From The Editor | January 11, 2017

A Guide For Assessing Industrial Discharge

Peter Chawaga - editor

By Peter Chawaga

Wastewater treatment plants are staffed by hardworking operators and equipped with top-of-the-line equipment to handle the influent that comes their way and get it treated and up to code. But it’s the governing bodies and regulators that determine what that code will be and how to keep it from being breached, ultimately setting the standards for public and environmental health.

To help ensure that those standards are upheld, the U.S. EPA has released a new best practices guide aimed at addressing hazardous chemical discharges to wastewater treatment plants.

“The target audiences for the guide are National Pollutant Discharge Elimination System [NPDES] permit writers for POTWs [publicly-owned treatment works] and pretreatment coordinators for their state, region, or POTWs,” an EPA spokesperson said.

Per the Clean Water Act, the NPDES was established to address pollution into surface water. Any industrial or municipal facility that discharges waste into surface waters must obtain an NPDES permit to do so, provided by a state- or federally-employed permit writer. Wastewater treatment plants with approved pretreatment programs will also have pretreatment coordinators who can provide information about requirements and coordinate with the EPA over pertinent regulations.

The guide parses the EPA’s three main regulations for addressing toxic and hazardous pollutants: the Emergency Planning and Community Right-to-Know Act (EPCRA) for limiting toxic release inventory (TRI) chemicals, the Resource Conservation and Recovery Act (RCRA) for hazardous waste, and the Clean Water Act (CWA) for other pollutants. It also describes online tools that permit writers and pretreatment coordinators can use to gather more information about pollutants.

It was developed by the EPA’s pretreatment program, a cooperative effort between federal and local regulators to protect water quality from wastewater discharges, at the behest of the agency’s Office of Inspector General (OIG).

“The OIG recommended better linkages and coordination between EPA programs that deal with hazardous chemicals discharged to POTWs,” an EPA spokesperson said. “The OIG also recommended that information on whole effluent toxicity (WET) be more widely available [and that] better tools be available for NPDES permit writers and pretreatment coordinators to analyze TRI and WET information and apply it to the permit through the pretreatment program.”

As the EPA sees it, permit writers and wastewater treatment plants are not necessarily prepared to deal with a particularly challenging type of waste: discharge from industrial operations.

“Most wastewater treatment plants are designed to treat primarily domestic sewage,” the spokesperson said. “POTWs and permit writers for POTWs receiving industrial wastewater that is potentially hazardous or toxic must evaluate whether this influent has a reasonable potential to cause pass-through or interference and result in an NPDES permit violation.”

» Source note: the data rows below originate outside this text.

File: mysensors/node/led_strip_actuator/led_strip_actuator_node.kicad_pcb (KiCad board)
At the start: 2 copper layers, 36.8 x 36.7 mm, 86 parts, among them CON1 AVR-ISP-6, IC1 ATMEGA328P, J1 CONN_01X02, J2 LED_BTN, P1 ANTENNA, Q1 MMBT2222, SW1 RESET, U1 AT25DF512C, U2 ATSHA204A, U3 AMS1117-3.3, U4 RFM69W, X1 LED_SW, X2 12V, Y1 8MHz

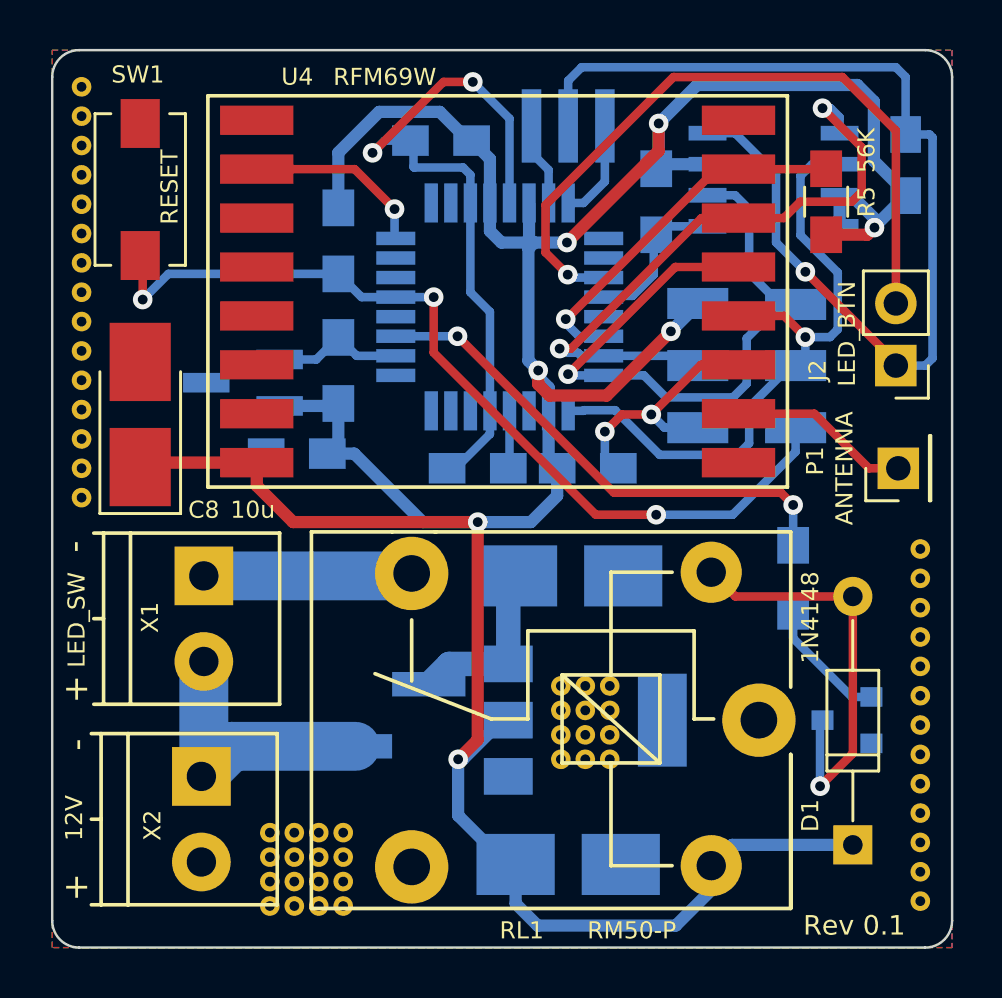
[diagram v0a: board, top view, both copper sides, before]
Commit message: [led_strip_actuator] pcb estetic refactorings
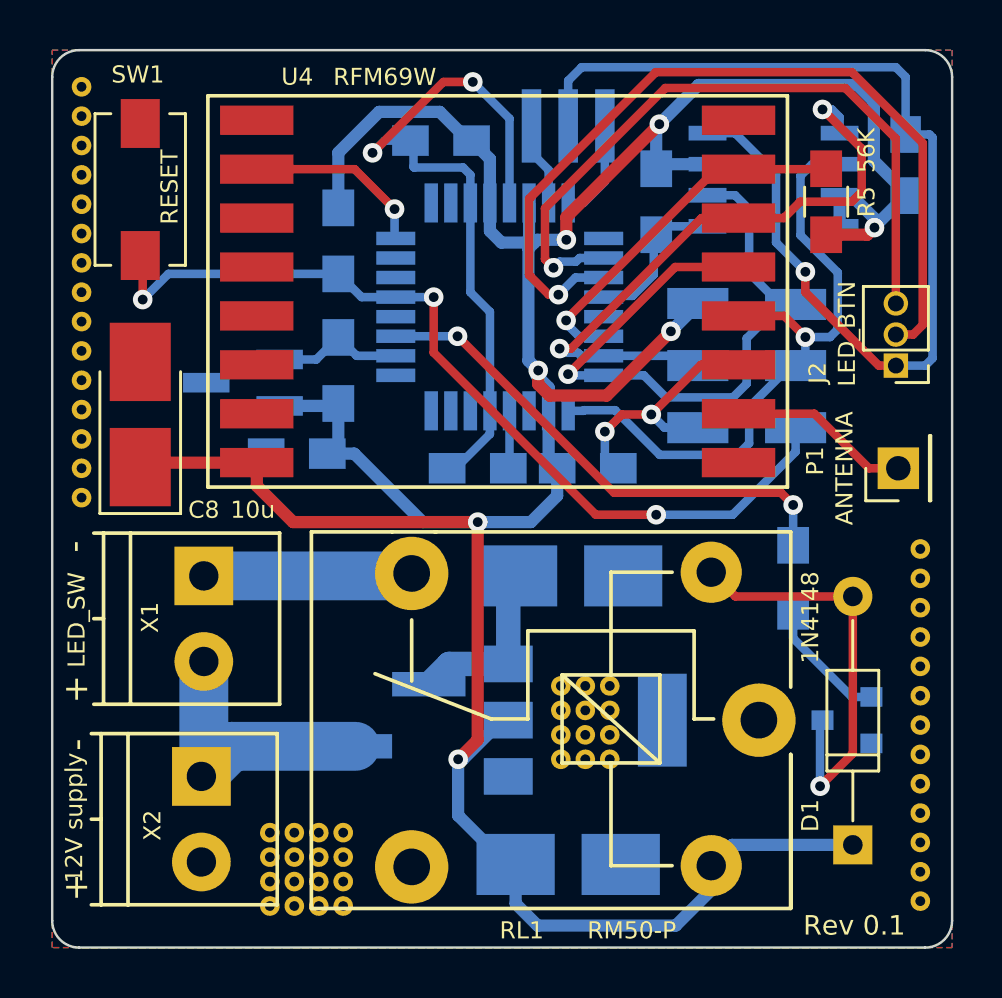
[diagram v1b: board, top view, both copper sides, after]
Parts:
- IC1: value ATMEGA328P -> ATMEGA328P-A
- J1: value CONN_01X02 -> EXT_DC_DC
- J2: footprint Pin_Headers:Pin_Header_Straight_1x02_Pitch2.54mm -> Pin_Headers:Pin_Header_Straight_1x03_Pitch1.27mm
- X2: value 12V -> 12V supply
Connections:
- IC1 pad 10: (no net) -> /LED_BTN_SIGNALING
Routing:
- net /LED_BTN_SIGNALING: track 0.00 -> 28.8 mm, vias 0 -> 1
- net /LED_BTN: track 29.2 -> 34.9 mm
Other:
- board text added: "BTN"
- board text added: "LED"

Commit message: [led_strip_actuator] added relay voltage selector jumpers
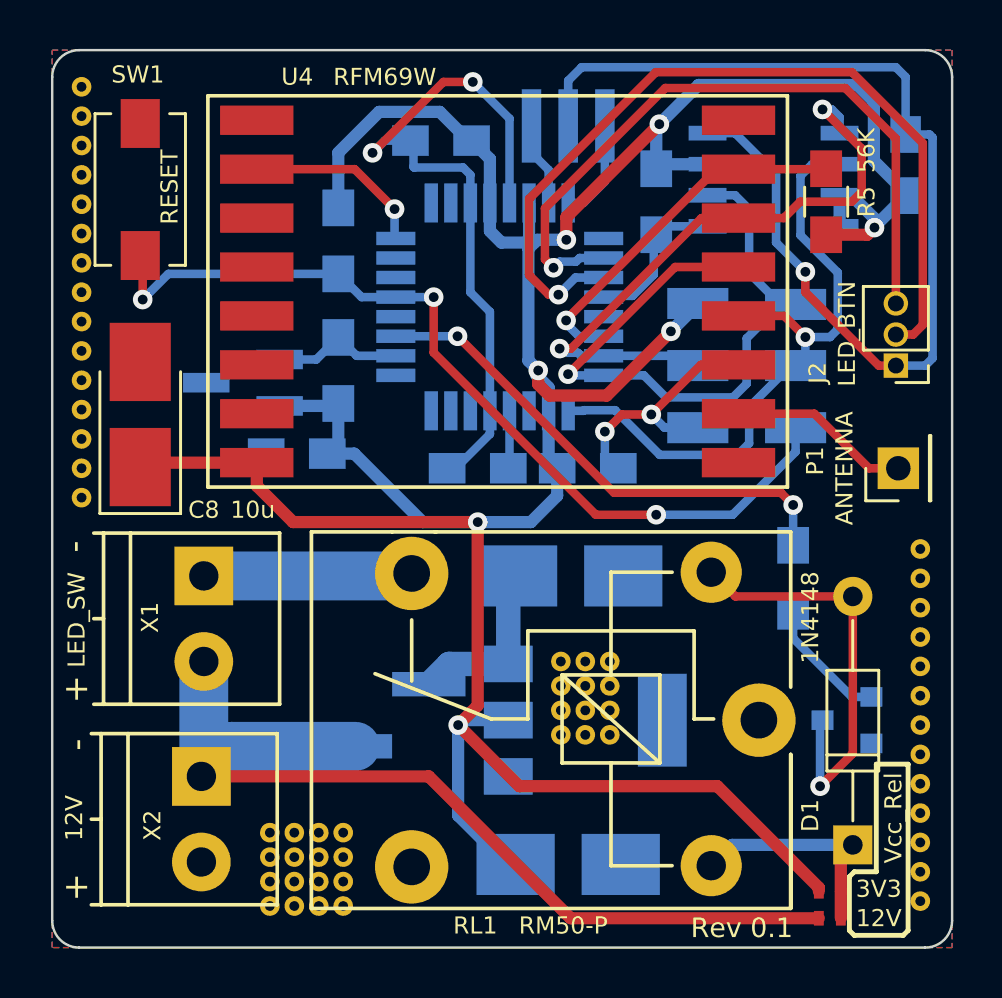
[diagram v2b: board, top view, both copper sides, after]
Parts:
- added JP1: 3V3, Resistors_SMD:R_0402_NoSilk, F.Cu at (143.0, 90.7)
- added JP2: 12V, Resistors_SMD:R_0402_NoSilk, F.Cu at (143.0, 91.8)
- IC1: value ATMEGA328P-A -> ATMEGA328P
- X2: value 12V supply -> 12V
- moved REF** 4.00 mm to (134.0, 81.3)
- moved REF** 4.00 mm to (133.0, 81.3)
- moved REF** 4.00 mm to (132.0, 81.3)
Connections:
- D1 pad 1: +3V3 -> Net-(D1-Pad1)
- RL1 pad A1: +3V3 -> Net-(D1-Pad1)
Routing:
- net /LED_12V: track 11.6 -> 39.2 mm
- net Net-(D1-Pad1): track 0.00 -> 9.35 mm
- net +3V3: track 136.8 -> 136.2 mm
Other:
- board text added: "Vcc_Rel"

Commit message: pcb refactorings
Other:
- board text added: "MySensors RFM69W LED Strip Actuator Node"
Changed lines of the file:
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@@
     (area 109.882143 48.027381 149.217857 95.2865)
     (thickness 1.6)
-    (drawings 33)
+    (drawings 34)
     (tracks 302)
     (zones 0)
@@
     (tags "Surface mounted pin header SMD 1x02 2.54mm single row style1 pin1 left")
     (attr smd)
-    (fp_text reference J1 (at 0 3.6) (layer B.SilkS)
+    (fp_text reference J1 (at -2.3 -1.7) (layer B.SilkS)
       (effects (font (size 0.7 0.7) (thickness 0.15)) (justify mirror))
     )
@@
     (descr "D, DO-35_SOD27 series, Axial, Horizontal, pin pitch=10.16mm, , length*diameter=4*2mm^2, , http://www.diodes.com/_files/packages/DO-35.pdf")
     (tags "D DO-35_SOD27 series Axial Horizontal pin pitch 10.16mm  length 4mm diameter 2mm")
-    (fp_text reference D1 (at 1.2 -1.74 90) (layer F.SilkS)
-      (effects (font (size 0.7 0.7) (thickness 0.15)))
-    )
-    (fp_text value 1N4148 (at 9.3 -1.74 90) (layer F.SilkS)
+    (fp_text reference D1 (at 6.5 1.76 90) (layer F.SilkS)
+      (effects (font (size 0.7 0.7) (thickness 0.15)))
+    )
+    (fp_text value 1N4148 (at 9.5 1.76 90) (layer F.SilkS)
       (effects (font (size 0.7 0.7) (thickness 0.15)))
     )
@@
     (at 140.1 83.7 180)
     (descr "relay, Sanyou SRD series Form C")
-    (fp_text reference RL1 (at 11.6 -8.4 180) (layer F.SilkS)
-      (effects (font (size 0.7 0.7) (thickness 0.15)))
-    )
-    (fp_text value RM50-P (at 8 -8.4 180) (layer F.SilkS)
+    (fp_text reference RL1 (at 13.3 8.5 180) (layer F.SilkS)
+      (effects (font (size 0.7 0.7) (thickness 0.15)))
+    )
+    (fp_text value RM50-P (at 8.5 8.5 180) (layer F.SilkS)
       (effects (font (size 0.7 0.7) (thickness 0.15)))
     )
@@
       (effects (font (size 0.7 0.7) (thickness 0.15)))
     )
-    (fp_text value LED_SW (at 1.8 5.2 270) (layer F.SilkS)
+    (fp_text value LED_SW (at 1.8 5.2 90) (layer F.SilkS)
       (effects (font (size 0.7 0.7) (thickness 0.15)))
     )
@@
       (effects (font (size 0.7 0.7) (thickness 0.15)))
     )
-    (fp_text value "12V " (at 1.7 5.2 270) (layer F.SilkS)
+    (fp_text value "12V " (at 1.7 5.2 90) (layer F.SilkS)
       (effects (font (size 0.7 0.7) (thickness 0.15)))
     )
@@
       (net 17 /LED_12V))
   )
+  (gr_text "MySensors RFM69W LED Strip Actuator Node" (at 128.7 92.2) (layer F.SilkS)
+    (effects (font (size 0.8 0.8) (thickness 0.15)))
+  )
   (gr_line (start 143.8 90.1) (end 143.8 90.1) (layer F.SilkS) (width 0.2))
   (gr_line (start 144 89.9) (end 143.8 90.1) (layer F.SilkS) (width 0.2))
@@
     (effects (font (size 0.7 0.7) (thickness 0.15)) (justify mirror))
   )
-  (gr_text "Rev 0.1" (at 139.4 92.2) (layer F.SilkS)
+  (gr_text "Rev 0.1" (at 146.6 59.7 90) (layer F.SilkS)
     (effects (font (size 0.8 0.8) (thickness 0.15)))
   )
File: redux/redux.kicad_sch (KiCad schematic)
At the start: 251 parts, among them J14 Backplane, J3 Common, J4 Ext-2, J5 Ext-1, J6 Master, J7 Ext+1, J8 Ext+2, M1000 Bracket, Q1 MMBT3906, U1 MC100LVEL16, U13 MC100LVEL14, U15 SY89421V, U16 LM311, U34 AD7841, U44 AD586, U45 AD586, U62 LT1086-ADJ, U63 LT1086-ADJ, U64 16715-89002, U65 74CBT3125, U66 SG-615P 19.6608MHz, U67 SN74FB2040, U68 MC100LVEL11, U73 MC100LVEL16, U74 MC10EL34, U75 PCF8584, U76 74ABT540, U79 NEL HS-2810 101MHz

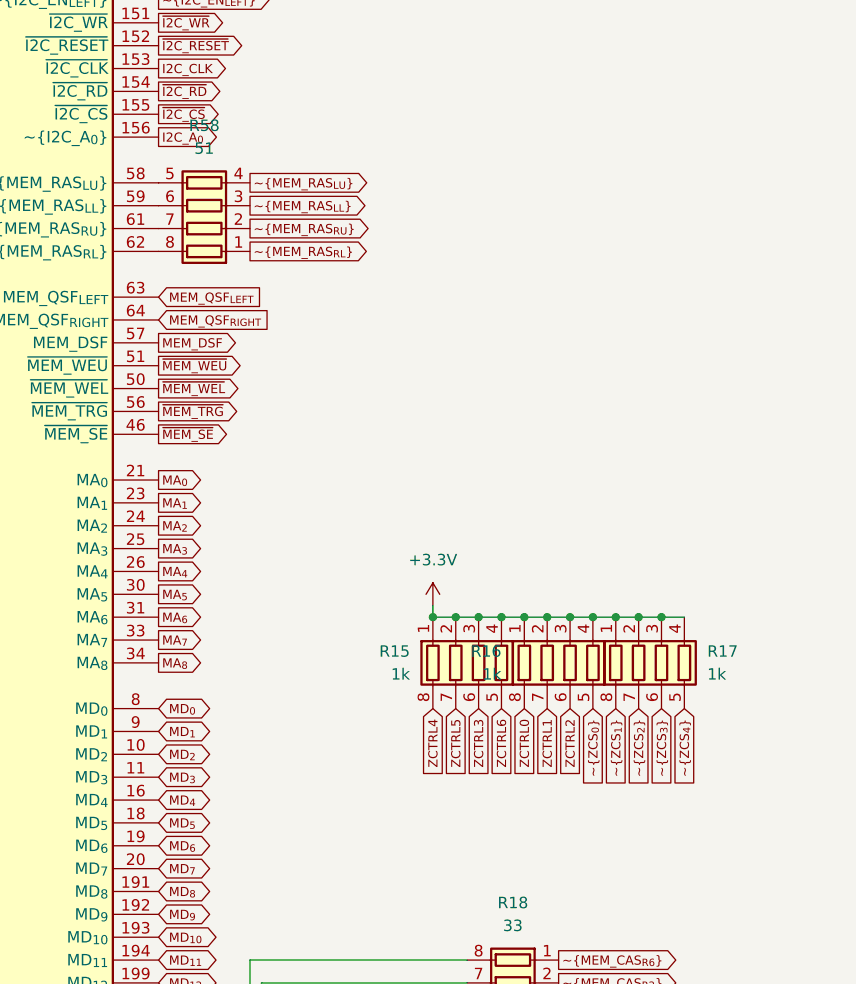
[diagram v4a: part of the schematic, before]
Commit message: Clean up FPGA, zoom CS routing
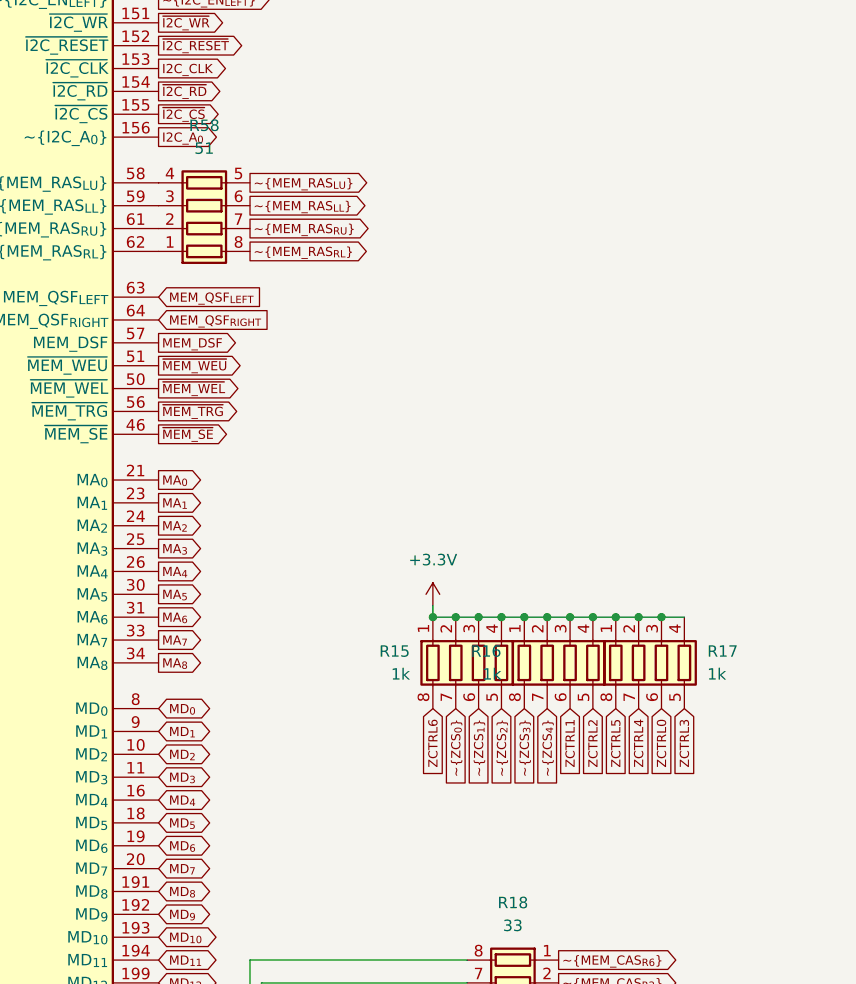
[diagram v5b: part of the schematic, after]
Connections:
- net ZCTRL0: now also R17.6 (R3.2); no longer R16.8 (R1.2)
- net ZCTRL1: now also R16.6 (R3.2); no longer R16.7 (R2.2)
- net ZCTRL2: now also R16.5 (R4.2); no longer R16.6 (R3.2)
- net ZCTRL3: now also R17.5 (R4.2); no longer R15.6 (R3.2)
- net ZCTRL4: now also R17.7 (R2.2); no longer R15.8 (R1.2)
- net ZCTRL5: now also R17.8 (R1.2); no longer R15.7 (R2.2)
- net ZCTRL6: now also R15.8 (R1.2); no longer R15.5 (R4.2)
- net ~{MEM_RAS_{LL}}: now also R58.6 (R3.2); no longer R58.3 (R3.1)
- net ~{MEM_RAS_{LU}}: now also R58.5 (R4.2); no longer R58.4 (R4.1)
- net ~{MEM_RAS_{RL}}: now also R58.8 (R1.2); no longer R58.1 (R1.1)
- net ~{MEM_RAS_{RU}}: now also R58.7 (R2.2); no longer R58.2 (R2.1)
- net ~{ZCS_{0}}: now also R15.7 (R2.2); no longer R16.5 (R4.2)
- net ~{ZCS_{1}}: now also R15.6 (R3.2); no longer R17.8 (R1.2)
- net ~{ZCS_{2}}: now also R15.5 (R4.2); no longer R17.7 (R2.2)
- net ~{ZCS_{3}}: now also R16.8 (R1.2); no longer R17.6 (R3.2)
- net ~{ZCS_{4}}: now also R16.7 (R2.2); no longer R17.5 (R4.2)
- net at U64.58 (~{MEM_RAS_{LU}}): now also R58.4 (R4.1); no longer R58.5 (R4.2)
- net at U64.59 (~{MEM_RAS_{LL}}): now also R58.3 (R3.1); no longer R58.6 (R3.2)
- net at U64.61 (~{MEM_RAS_{RU}}): now also R58.2 (R2.1); no longer R58.7 (R2.2)
- net at U64.62 (~{MEM_RAS_{RL}}): now also R58.1 (R1.1); no longer R58.8 (R1.2)
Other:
- moved on the sheet: R58
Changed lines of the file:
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@@
 	(global_label "ZCTRL2"
 		(shape input)
-		(at 638.81 262.89 270)
+		(at 641.35 262.89 270)
 		(fields_autoplaced yes)
 		(effects
@@
 		)
 		(property "Intersheetrefs" "${INTERSHEET_REFS}"
-			(at 638.81 270.8417 90)
+			(at 641.35 270.8417 90)
 			(effects
 				(font
@@
 	(global_label "ZCTRL3"
 		(shape input)
-		(at 628.65 262.89 270)
+		(at 651.51 262.89 270)
 		(fields_autoplaced yes)
 		(effects
@@
 		)
 		(property "Intersheetrefs" "${INTERSHEET_REFS}"
-			(at 628.65 270.8417 90)
+			(at 651.51 270.8417 90)
 			(effects
 				(font
@@
 	(global_label "~{ZCS_{0}}"
 		(shape input)
-		(at 641.35 262.89 270)
+		(at 626.11 262.89 270)
 		(fields_autoplaced yes)
 		(effects
@@
 		)
 		(property "Intersheetrefs" "${INTERSHEET_REFS}"
-			(at 641.35 269.0438 90)
+			(at 626.11 269.0438 90)
 			(effects
 				(font
@@
 	(global_label "ZCTRL6"
 		(shape input)
-		(at 631.19 262.89 270)
+		(at 623.57 262.89 270)
 		(fields_autoplaced yes)
 		(effects
@@
 		)
 		(property "Intersheetrefs" "${INTERSHEET_REFS}"
-			(at 631.19 270.8417 90)
+			(at 623.57 270.8417 90)
 			(effects
 				(font
@@
 	(global_label "ZCTRL0"
 		(shape input)
-		(at 633.73 262.89 270)
+		(at 648.97 262.89 270)
 		(fields_autoplaced yes)
 		(effects
@@
 		)
 		(property "Intersheetrefs" "${INTERSHEET_REFS}"
-			(at 633.73 270.8417 90)
+			(at 648.97 270.8417 90)
 			(effects
 				(font
@@
 	(global_label "ZCTRL5"
 		(shape input)
-		(at 626.11 262.89 270)
+		(at 643.89 262.89 270)
 		(fields_autoplaced yes)
 		(effects
@@
 		)
 		(property "Intersheetrefs" "${INTERSHEET_REFS}"
-			(at 626.11 270.8417 90)
+			(at 643.89 270.8417 90)
 			(effects
 				(font
@@
 	(global_label "ZCTRL1"
 		(shape input)
-		(at 636.27 262.89 270)
+		(at 638.81 262.89 270)
 		(fields_autoplaced yes)
 		(effects
@@
 		)
 		(property "Intersheetrefs" "${INTERSHEET_REFS}"
-			(at 636.27 270.8417 90)
+			(at 638.81 270.8417 90)
 			(effects
 				(font
@@
 	(global_label "~{ZCS_{2}}"
 		(shape input)
-		(at 646.43 262.89 270)
+		(at 631.19 262.89 270)
 		(fields_autoplaced yes)
 		(effects
@@
 		)
 		(property "Intersheetrefs" "${INTERSHEET_REFS}"
-			(at 646.43 269.0438 90)
+			(at 631.19 269.0438 90)
 			(effects
 				(font
@@
 	(global_label "ZCTRL4"
 		(shape input)
-		(at 623.57 262.89 270)
+		(at 646.43 262.89 270)
 		(fields_autoplaced yes)
 		(effects
@@
 		)
 		(property "Intersheetrefs" "${INTERSHEET_REFS}"
-			(at 623.57 270.8417 90)
+			(at 646.43 270.8417 90)
 			(effects
 				(font
@@
 	(global_label "~{ZCS_{4}}"
 		(shape input)
-		(at 651.51 262.89 270)
+		(at 636.27 262.89 270)
 		(fields_autoplaced yes)
 		(effects
@@
 		)
 		(property "Intersheetrefs" "${INTERSHEET_REFS}"
-			(at 651.51 269.0438 90)
+			(at 636.27 269.0438 90)
 			(effects
 				(font
@@
 	(global_label "~{ZCS_{1}}"
 		(shape input)
-		(at 643.89 262.89 270)
+		(at 628.65 262.89 270)
 		(fields_autoplaced yes)
 		(effects
@@
 		)
 		(property "Intersheetrefs" "${INTERSHEET_REFS}"
-			(at 643.89 269.0438 90)
+			(at 628.65 269.0438 90)
 			(effects
 				(font
@@
 	(global_label "~{ZCS_{3}}"
 		(shape input)
-		(at 648.97 262.89 270)
+		(at 633.73 262.89 270)
 		(fields_autoplaced yes)
 		(effects
@@
 		)
 		(property "Intersheetrefs" "${INTERSHEET_REFS}"
-			(at 648.97 269.0438 90)
+			(at 633.73 269.0438 90)
 			(effects
 				(font
@@
 	(symbol
 		(lib_id "Device:R_Pack04")
-		(at 598.17 207.01 90)
+		(at 598.17 207.01 270)
+		(mirror x)
 		(unit 1)
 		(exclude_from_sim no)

By describing the EPA’s regulations on statutes that address toxic and hazardous chemicals of the types found in industrial wastewater, the guide was compiled as a way to help them with that challenge and to assess whether or not they are prepared.

“Understanding whether a POTW’s industrial users are discharging toxic and hazardous chemicals is important in establishing whether a pretreatment program needs to revise or enforce new local limits, or whether a POTW without a pretreatment program needs to develop one,” said the spokesperson. “The best practices guide includes resources for permit writers and pretreatment coordinators to identify potential sources of hazardous pollutants to conduct a reasonable potential analysis.”

The guide provides tools to permit writers and coordinators which will hopefully have a trickle-down effect that aids the work of wastewater treatment plants. In turn, that should help protect us all.